1.5 KiB
raou
raou is a lightweight sudo-like tool for Linux. It allows a user to execute programs as another user without entering the password. However, the programs (including the parameters) a user can run are explicitly specified by the administrator.
Originally written in C, it's now reimplemented in Rust.
By default, raou looks in /etc/raou.d/ for config files. If you run "raou backup", it will look for /etc/raou.d/backup.
Example config file:
user john target_user root path /usr/local/bin/script.sh
user is the name of the user who you want to give permissions to execute path as the target_user.
path must contain the absolute path.
Optional fields
args: If you want to leave out optional arguments (argv) to path, simply don't include this. Otherwise, simply specify them args -v -ltr
allow_args: Allow arbitrary arguments, so: raou backup /path
Will launch "path" as specified in the file for the backup entry, but with "/path" as argv[1] instead of the arguments specified with "args".

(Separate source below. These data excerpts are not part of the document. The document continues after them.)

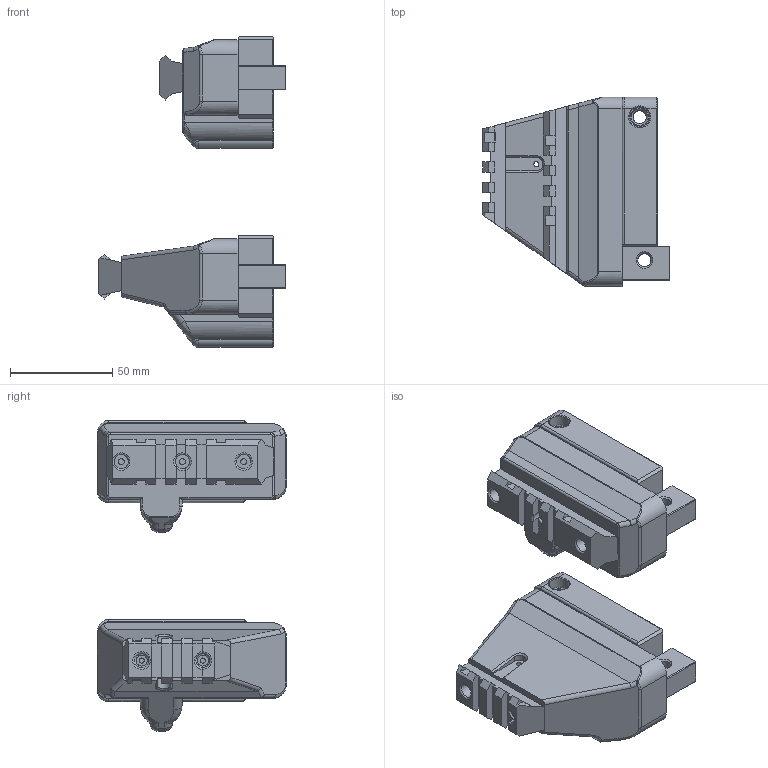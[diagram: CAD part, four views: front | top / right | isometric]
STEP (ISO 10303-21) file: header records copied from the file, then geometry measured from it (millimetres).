
FILE_DESCRIPTION(/* description */ (''),/* implementation_level */ '2;1');
FILE_NAME(/* name */ 'SIG brace rails and EC.stp',/* time_stamp */ '2021-05-19T23:08:48+02:00',/* author */ (''),/* organization */ (''),/* preprocessor_version */ 'ST-DEVELOPER v15.2',/* originating_system */ 'Autodesk Translator Framework v2.0.0.5431',/* authorisation */ '');
FILE_SCHEMA (('AUTOMOTIVE_DESIGN { 1 0 10303 214 3 1 1 }'));
Length unit declared in the file: centimetre
Products named in the file (1): (Unsaved)
Bounding box: 91.66 x 92.64 x 152.32 mm (x, y, z)
Volume: 309047.3 mm3; surface area: 66369.5 mm2
Topology: 4 solids, 4 shells, 556 faces, 1421 edges, 884 vertices
Faces by surface type: plane 297, cylinder 126, bspline 60, cone 41, torus 24, sphere 8
Full cylindrical faces by diameter (mm): 2.5 x6, 2.9 x6, 4 x2, 6.5 x6, 7 x5, 10 x4, 13 x2, 20.4 x1, 23.4 x2, 27.4 x2
Entity records: 19313 total; most frequent: CARTESIAN_POINT 6364, ORIENTED_EDGE 2668, DIRECTION 2556, EDGE_CURVE 1334, LINE 876, VECTOR 876, VERTEX_POINT 866, AXIS2_PLACEMENT_3D 840
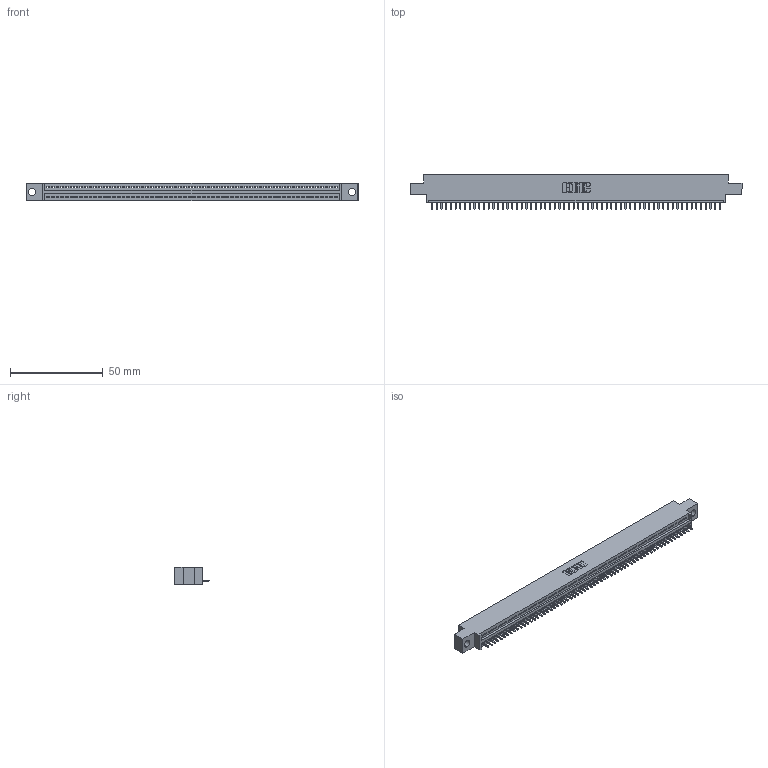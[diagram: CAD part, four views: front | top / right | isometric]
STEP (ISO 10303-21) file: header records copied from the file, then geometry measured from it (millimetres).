
FILE_DESCRIPTION (( 'STEP AP203' ), '1' );
FILE_NAME ('345-062-521-604.STEP', '2019-10-11T05:10:05', ( '' ), ( '' ), 'SwSTEP 2.0', 'SolidWorks 2016', '' );
FILE_SCHEMA (( 'CONFIG_CONTROL_DESIGN' ));
Length unit declared in the file: inch
Products named in the file (3): 345-062-521-604; 345-292-001_345-293-121; 345 Part_0.170 Offset - 0.156 Dia-TH
Assembly tree (63 placements, depth 2):
  345-062-521-604
    345 Part_0.170 Offset - 0.156 Dia-TH
    345-292-001_345-293-121  x62
Bounding box: 178.69 x 18.72 x 9.4 mm (x, y, z)
Volume: 16758.3 mm3; surface area: 21787.4 mm2
Topology: 63 solids, 63 shells, 3726 faces, 11265 edges, 7426 vertices
Faces by surface type: plane 2564, cylinder 1162
Entity records: 44123 total; most frequent: CARTESIAN_POINT 7650, ORIENTED_EDGE 7646, DIRECTION 6651, EDGE_CURVE 3823, VECTOR 3443, LINE 3443, VERTEX_POINT 2546, AXIS2_PLACEMENT_3D 1604
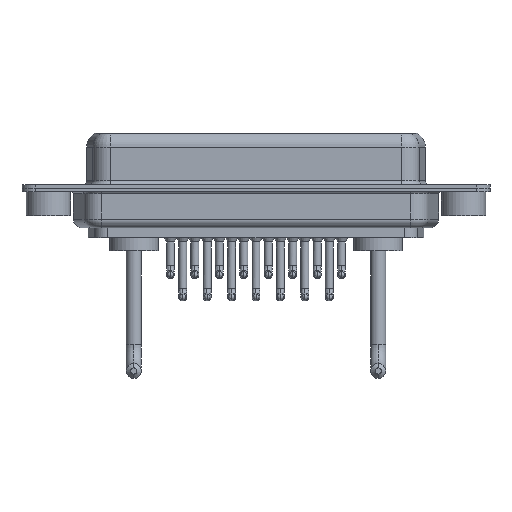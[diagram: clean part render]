
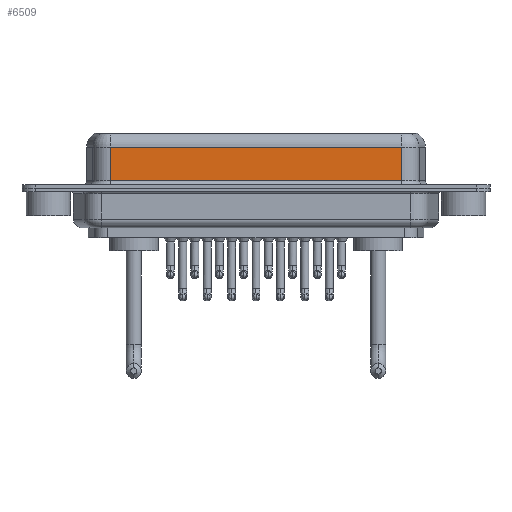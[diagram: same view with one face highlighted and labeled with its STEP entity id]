
A CAD part, front view. The second image highlights one B-rep face of the part: STEP entity #6509.
In plain terms, the highlighted planar face has unit normal (0, -1, 0).
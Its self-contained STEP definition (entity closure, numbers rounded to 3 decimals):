
#495 = EDGE_CURVE ( 'NONE', #19112, #20881, #13462, .T. ) ;
#527 = CARTESIAN_POINT ( 'NONE',  ( 7.013, -3.95, 6.4 ) ) ;
#1415 = ORIENTED_EDGE ( 'NONE', *, *, #4414, .T. ) ;
#2884 = AXIS2_PLACEMENT_3D ( 'NONE', #13571, #20004, #3156 ) ;
#3156 = DIRECTION ( 'NONE',  ( 0., 0., 1. ) ) ;
#3600 = DIRECTION ( 'NONE',  ( 0., 0., -1. ) ) ;
#3978 = VERTEX_POINT ( 'NONE', #12603 ) ;
#4414 = EDGE_CURVE ( 'NONE', #19112, #16823, #10567, .T. ) ;
#6509 = ADVANCED_FACE ( 'NONE', ( #13874 ), #20313, .F. ) ;
#6653 = VECTOR ( 'NONE', #3600, 1000. ) ;
#6658 = LINE ( 'NONE', #527, #6653 ) ;
#6923 = ORIENTED_EDGE ( 'NONE', *, *, #9570, .T. ) ;
#6996 = CARTESIAN_POINT ( 'NONE',  ( 7.013, -3.95, 4.65 ) ) ;
#8108 = EDGE_LOOP ( 'NONE', ( #17523, #1415, #6923, #19375 ) ) ;
#9570 = EDGE_CURVE ( 'NONE', #16823, #3978, #6658, .T. ) ;
#10025 = CARTESIAN_POINT ( 'NONE',  ( 40.037, -3.95, 0.9 ) ) ;
#10383 = CARTESIAN_POINT ( 'NONE',  ( 40.037, -3.95, 6.4 ) ) ;
#10567 = LINE ( 'NONE', #11959, #15981 ) ;
#11031 = LINE ( 'NONE', #17046, #12916 ) ;
#11959 = CARTESIAN_POINT ( 'NONE',  ( 40.037, -3.95, 4.65 ) ) ;
#12603 = CARTESIAN_POINT ( 'NONE',  ( 7.013, -3.95, 0.9 ) ) ;
#12916 = VECTOR ( 'NONE', #20636, 1000. ) ;
#13462 = LINE ( 'NONE', #10383, #15920 ) ;
#13571 = CARTESIAN_POINT ( 'NONE',  ( 40.037, -3.95, 6.4 ) ) ;
#13874 = FACE_OUTER_BOUND ( 'NONE', #8108, .T. ) ;
#14934 = DIRECTION ( 'NONE',  ( 0., 0., -1. ) ) ;
#15920 = VECTOR ( 'NONE', #14934, 1000. ) ;
#15981 = VECTOR ( 'NONE', #16999, 1000. ) ;
#16823 = VERTEX_POINT ( 'NONE', #6996 ) ;
#16999 = DIRECTION ( 'NONE',  ( -1., 0., 0. ) ) ;
#17046 = CARTESIAN_POINT ( 'NONE',  ( 40.037, -3.95, 0.9 ) ) ;
#17402 = CARTESIAN_POINT ( 'NONE',  ( 40.037, -3.95, 4.65 ) ) ;
#17523 = ORIENTED_EDGE ( 'NONE', *, *, #495, .F. ) ;
#19112 = VERTEX_POINT ( 'NONE', #17402 ) ;
#19375 = ORIENTED_EDGE ( 'NONE', *, *, #19641, .T. ) ;
#19641 = EDGE_CURVE ( 'NONE', #3978, #20881, #11031, .T. ) ;
#20004 = DIRECTION ( 'NONE',  ( 0., 1., 0. ) ) ;
#20313 = PLANE ( 'NONE',  #2884 ) ;
#20636 = DIRECTION ( 'NONE',  ( 1., 0., 0. ) ) ;
#20881 = VERTEX_POINT ( 'NONE', #10025 ) ;
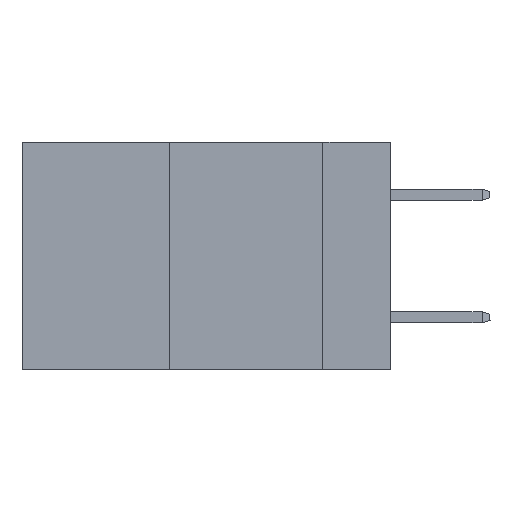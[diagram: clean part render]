
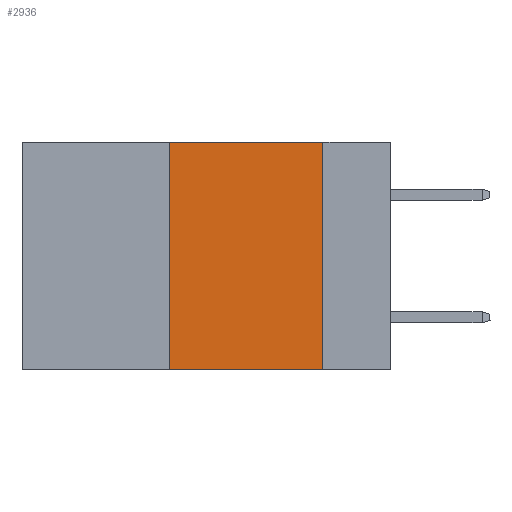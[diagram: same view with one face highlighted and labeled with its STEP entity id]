
A CAD part, left-side view. The second image highlights one B-rep face of the part: STEP entity #2936.
In plain terms, the highlighted planar face has unit normal (-1, 0, 0).
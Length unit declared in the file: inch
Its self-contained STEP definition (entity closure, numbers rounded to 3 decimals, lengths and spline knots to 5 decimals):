
#2936 = ADVANCED_FACE ( 'NONE', ( #44796 ), #31018, .F. ) ;
#3535 = ORIENTED_EDGE ( 'NONE', *, *, #41661, .F. ) ;
#3918 = CARTESIAN_POINT ( 'NONE',  ( 0., 0.36, -0.37 ) ) ;
#5176 = DIRECTION ( 'NONE',  ( 0., -1., 0. ) ) ;
#5412 = DIRECTION ( 'NONE',  ( 0., 0., 1. ) ) ;
#6112 = VECTOR ( 'NONE', #9706, 39.37008 ) ;
#6241 = EDGE_CURVE ( 'NONE', #44401, #22877, #20724, .T. ) ;
#6703 = EDGE_CURVE ( 'NONE', #9606, #19684, #37063, .T. ) ;
#7083 = DIRECTION ( 'NONE',  ( 0., 0., -1. ) ) ;
#8419 = CARTESIAN_POINT ( 'NONE',  ( 0., 0.36, 0. ) ) ;
#9606 = VERTEX_POINT ( 'NONE', #16468 ) ;
#9706 = DIRECTION ( 'NONE',  ( 0., 0., -1. ) ) ;
#11756 = VECTOR ( 'NONE', #5412, 39.37008 ) ;
#11927 = AXIS2_PLACEMENT_3D ( 'NONE', #21010, #17537, #7083 ) ;
#16468 = CARTESIAN_POINT ( 'NONE',  ( 0., 0.36, 0. ) ) ;
#17537 = DIRECTION ( 'NONE',  ( 1., 0., 0. ) ) ;
#19146 = VECTOR ( 'NONE', #21133, 39.37008 ) ;
#19684 = VERTEX_POINT ( 'NONE', #25856 ) ;
#20232 = ORIENTED_EDGE ( 'NONE', *, *, #6703, .F. ) ;
#20724 = LINE ( 'NONE', #43542, #36382 ) ;
#21010 = CARTESIAN_POINT ( 'NONE',  ( 0., 0.6, 0. ) ) ;
#21133 = DIRECTION ( 'NONE',  ( 0., -1., 0. ) ) ;
#22877 = VERTEX_POINT ( 'NONE', #42349 ) ;
#23512 = EDGE_LOOP ( 'NONE', ( #30982, #20232, #3535, #25848 ) ) ;
#25848 = ORIENTED_EDGE ( 'NONE', *, *, #6241, .T. ) ;
#25856 = CARTESIAN_POINT ( 'NONE',  ( 0., 0.11, 0. ) ) ;
#30982 = ORIENTED_EDGE ( 'NONE', *, *, #38725, .F. ) ;
#31018 = PLANE ( 'NONE',  #11927 ) ;
#31593 = CARTESIAN_POINT ( 'NONE',  ( 0., 0.6, 0. ) ) ;
#36189 = LINE ( 'NONE', #8419, #11756 ) ;
#36382 = VECTOR ( 'NONE', #5176, 39.37008 ) ;
#37063 = LINE ( 'NONE', #31593, #19146 ) ;
#38725 = EDGE_CURVE ( 'NONE', #19684, #22877, #44612, .T. ) ;
#41661 = EDGE_CURVE ( 'NONE', #44401, #9606, #36189, .T. ) ;
#42349 = CARTESIAN_POINT ( 'NONE',  ( 0., 0.11, -0.37 ) ) ;
#43542 = CARTESIAN_POINT ( 'NONE',  ( 0., 0.6, -0.37 ) ) ;
#44401 = VERTEX_POINT ( 'NONE', #3918 ) ;
#44419 = CARTESIAN_POINT ( 'NONE',  ( 0., 0.11, 0. ) ) ;
#44612 = LINE ( 'NONE', #44419, #6112 ) ;
#44796 = FACE_OUTER_BOUND ( 'NONE', #23512, .T. ) ;
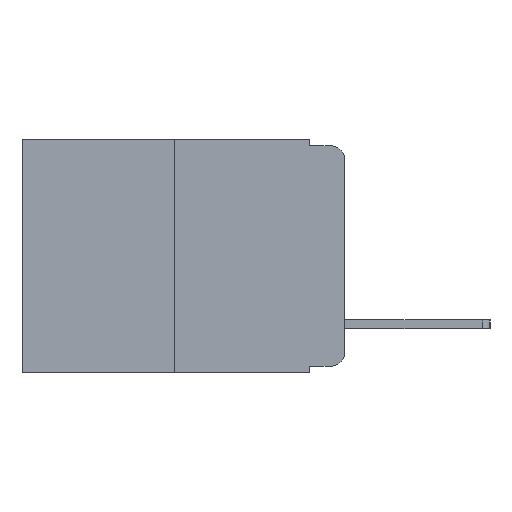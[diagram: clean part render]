
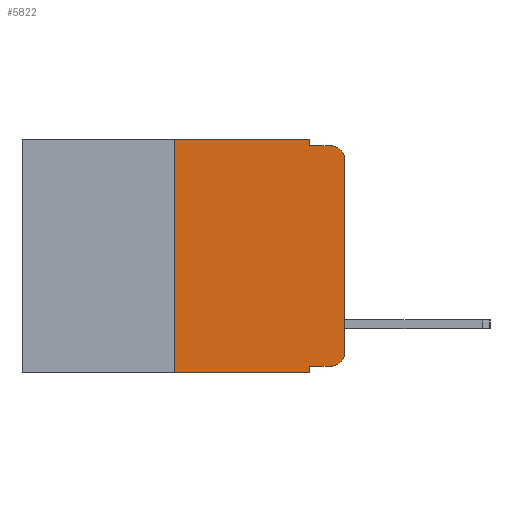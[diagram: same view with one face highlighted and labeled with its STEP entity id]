
A CAD part, left-side view. The second image highlights one B-rep face of the part: STEP entity #5822.
In plain terms, the highlighted planar face has unit normal (-1, 0, 0).
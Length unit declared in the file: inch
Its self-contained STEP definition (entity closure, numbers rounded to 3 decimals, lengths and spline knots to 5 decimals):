
#859 = VERTEX_POINT ( 'NONE', #20795 ) ;
#1007 = VECTOR ( 'NONE', #12577, 39.37008 ) ;
#1552 = VECTOR ( 'NONE', #9930, 39.37008 ) ;
#1619 = LINE ( 'NONE', #10750, #1007 ) ;
#2013 = EDGE_LOOP ( 'NONE', ( #18613, #16045, #5849, #13335, #11125, #10720, #9026, #12754, #21611, #18068 ) ) ;
#2362 = DIRECTION ( 'NONE',  ( 0., -1., 0. ) ) ;
#2730 = VECTOR ( 'NONE', #16391, 39.37008 ) ;
#4105 = DIRECTION ( 'NONE',  ( 0., -1., 0. ) ) ;
#5329 = CARTESIAN_POINT ( 'NONE',  ( 0., 0.051, -0.01 ) ) ;
#5580 = CARTESIAN_POINT ( 'NONE',  ( 0., 0.25, -0.343 ) ) ;
#5700 = DIRECTION ( 'NONE',  ( 0., 0., -1. ) ) ;
#5822 = ADVANCED_FACE ( 'NONE', ( #24003 ), #9415, .F. ) ;
#5849 = ORIENTED_EDGE ( 'NONE', *, *, #18415, .F. ) ;
#6291 = EDGE_CURVE ( 'NONE', #11586, #17561, #23979, .T. ) ;
#6499 = CARTESIAN_POINT ( 'NONE',  ( 0., 0.02, -0.01 ) ) ;
#7748 = DIRECTION ( 'NONE',  ( 0., 0., -1. ) ) ;
#7910 = VERTEX_POINT ( 'NONE', #5580 ) ;
#8065 = CARTESIAN_POINT ( 'NONE',  ( 0., 0., 0. ) ) ;
#8228 = LINE ( 'NONE', #11074, #22148 ) ;
#8821 = CARTESIAN_POINT ( 'NONE',  ( 0., 0.02, -0.03 ) ) ;
#8995 = DIRECTION ( 'NONE',  ( 0., 0., -1. ) ) ;
#9026 = ORIENTED_EDGE ( 'NONE', *, *, #13261, .T. ) ;
#9415 = PLANE ( 'NONE',  #17718 ) ;
#9622 = CARTESIAN_POINT ( 'NONE',  ( 0., 0.051, 0. ) ) ;
#9930 = DIRECTION ( 'NONE',  ( 0., 0., 1. ) ) ;
#10029 = CARTESIAN_POINT ( 'NONE',  ( 0., 0.02, -0.313 ) ) ;
#10145 = CARTESIAN_POINT ( 'NONE',  ( 0., 0., -0.03 ) ) ;
#10660 = DIRECTION ( 'NONE',  ( 0., 0., -1. ) ) ;
#10720 = ORIENTED_EDGE ( 'NONE', *, *, #15106, .F. ) ;
#10750 = CARTESIAN_POINT ( 'NONE',  ( 0., 0.051, -0.01 ) ) ;
#11074 = CARTESIAN_POINT ( 'NONE',  ( 0., 0.473, 0. ) ) ;
#11125 = ORIENTED_EDGE ( 'NONE', *, *, #18549, .F. ) ;
#11586 = VERTEX_POINT ( 'NONE', #19715 ) ;
#11879 = DIRECTION ( 'NONE',  ( 0., 0., -1. ) ) ;
#12467 = CIRCLE ( 'NONE', #17810, 0.02 ) ;
#12577 = DIRECTION ( 'NONE',  ( 0., -1., 0. ) ) ;
#12716 = LINE ( 'NONE', #23622, #2730 ) ;
#12754 = ORIENTED_EDGE ( 'NONE', *, *, #6291, .F. ) ;
#13238 = EDGE_CURVE ( 'NONE', #20112, #18890, #16482, .T. ) ;
#13261 = EDGE_CURVE ( 'NONE', #7910, #17561, #15932, .T. ) ;
#13335 = ORIENTED_EDGE ( 'NONE', *, *, #22754, .F. ) ;
#13585 = VERTEX_POINT ( 'NONE', #5329 ) ;
#14327 = LINE ( 'NONE', #15226, #23861 ) ;
#14439 = VECTOR ( 'NONE', #8995, 39.37008 ) ;
#14529 = EDGE_CURVE ( 'NONE', #18868, #20112, #12467, .T. ) ;
#14849 = VERTEX_POINT ( 'NONE', #6499 ) ;
#15106 = EDGE_CURVE ( 'NONE', #7910, #859, #12716, .T. ) ;
#15226 = CARTESIAN_POINT ( 'NONE',  ( 0., 0.051, -0.333 ) ) ;
#15471 = CARTESIAN_POINT ( 'NONE',  ( 0., 0.473, -0.343 ) ) ;
#15932 = LINE ( 'NONE', #15471, #21825 ) ;
#16045 = ORIENTED_EDGE ( 'NONE', *, *, #23672, .T. ) ;
#16284 = AXIS2_PLACEMENT_3D ( 'NONE', #8821, #21494, #10660 ) ;
#16391 = DIRECTION ( 'NONE',  ( 0., 0., 1. ) ) ;
#16482 = LINE ( 'NONE', #8065, #1552 ) ;
#16727 = DIRECTION ( 'NONE',  ( 1., 0., 0. ) ) ;
#17561 = VERTEX_POINT ( 'NONE', #23971 ) ;
#17679 = CIRCLE ( 'NONE', #16284, 0.02 ) ;
#17718 = AXIS2_PLACEMENT_3D ( 'NONE', #23883, #16727, #5700 ) ;
#17810 = AXIS2_PLACEMENT_3D ( 'NONE', #10029, #22683, #11879 ) ;
#18068 = ORIENTED_EDGE ( 'NONE', *, *, #14529, .T. ) ;
#18415 = EDGE_CURVE ( 'NONE', #13585, #14849, #1619, .T. ) ;
#18549 = EDGE_CURVE ( 'NONE', #859, #19378, #8228, .T. ) ;
#18613 = ORIENTED_EDGE ( 'NONE', *, *, #13238, .T. ) ;
#18849 = VECTOR ( 'NONE', #7748, 39.37008 ) ;
#18868 = VERTEX_POINT ( 'NONE', #22805 ) ;
#18890 = VERTEX_POINT ( 'NONE', #10145 ) ;
#19311 = CARTESIAN_POINT ( 'NONE',  ( 0., 0., -0.313 ) ) ;
#19378 = VERTEX_POINT ( 'NONE', #22313 ) ;
#19414 = LINE ( 'NONE', #9622, #18849 ) ;
#19715 = CARTESIAN_POINT ( 'NONE',  ( 0., 0.051, -0.333 ) ) ;
#20090 = DIRECTION ( 'NONE',  ( 0., -1., 0. ) ) ;
#20112 = VERTEX_POINT ( 'NONE', #19311 ) ;
#20795 = CARTESIAN_POINT ( 'NONE',  ( 0., 0.25, 0. ) ) ;
#21494 = DIRECTION ( 'NONE',  ( -1., 0., 0. ) ) ;
#21611 = ORIENTED_EDGE ( 'NONE', *, *, #23398, .T. ) ;
#21668 = CARTESIAN_POINT ( 'NONE',  ( 0., 0.051, 0. ) ) ;
#21825 = VECTOR ( 'NONE', #2362, 39.37008 ) ;
#22148 = VECTOR ( 'NONE', #20090, 39.37008 ) ;
#22313 = CARTESIAN_POINT ( 'NONE',  ( 0., 0.051, 0. ) ) ;
#22683 = DIRECTION ( 'NONE',  ( -1., 0., 0. ) ) ;
#22754 = EDGE_CURVE ( 'NONE', #19378, #13585, #19414, .T. ) ;
#22805 = CARTESIAN_POINT ( 'NONE',  ( 0., 0.02, -0.333 ) ) ;
#23398 = EDGE_CURVE ( 'NONE', #11586, #18868, #14327, .T. ) ;
#23622 = CARTESIAN_POINT ( 'NONE',  ( 0., 0.25, 0. ) ) ;
#23672 = EDGE_CURVE ( 'NONE', #18890, #14849, #17679, .T. ) ;
#23861 = VECTOR ( 'NONE', #4105, 39.37008 ) ;
#23883 = CARTESIAN_POINT ( 'NONE',  ( 0., 0.473, 0. ) ) ;
#23971 = CARTESIAN_POINT ( 'NONE',  ( 0., 0.051, -0.343 ) ) ;
#23979 = LINE ( 'NONE', #21668, #14439 ) ;
#24003 = FACE_OUTER_BOUND ( 'NONE', #2013, .T. ) ;

no_new_privs: Defaults to 1. Processes launched with this option active won't be able to gain more privileges, even when they call setuid programs.
env_vars: A comma-separated list of environment variables to inherit from the current environment. Everything else will be wiped (but others like HOME, SHELL etc. will be appropriately set).
argv0: Set this option if you want to provide your own value as "argv0" The default is the name of the launched binary (not the whole path).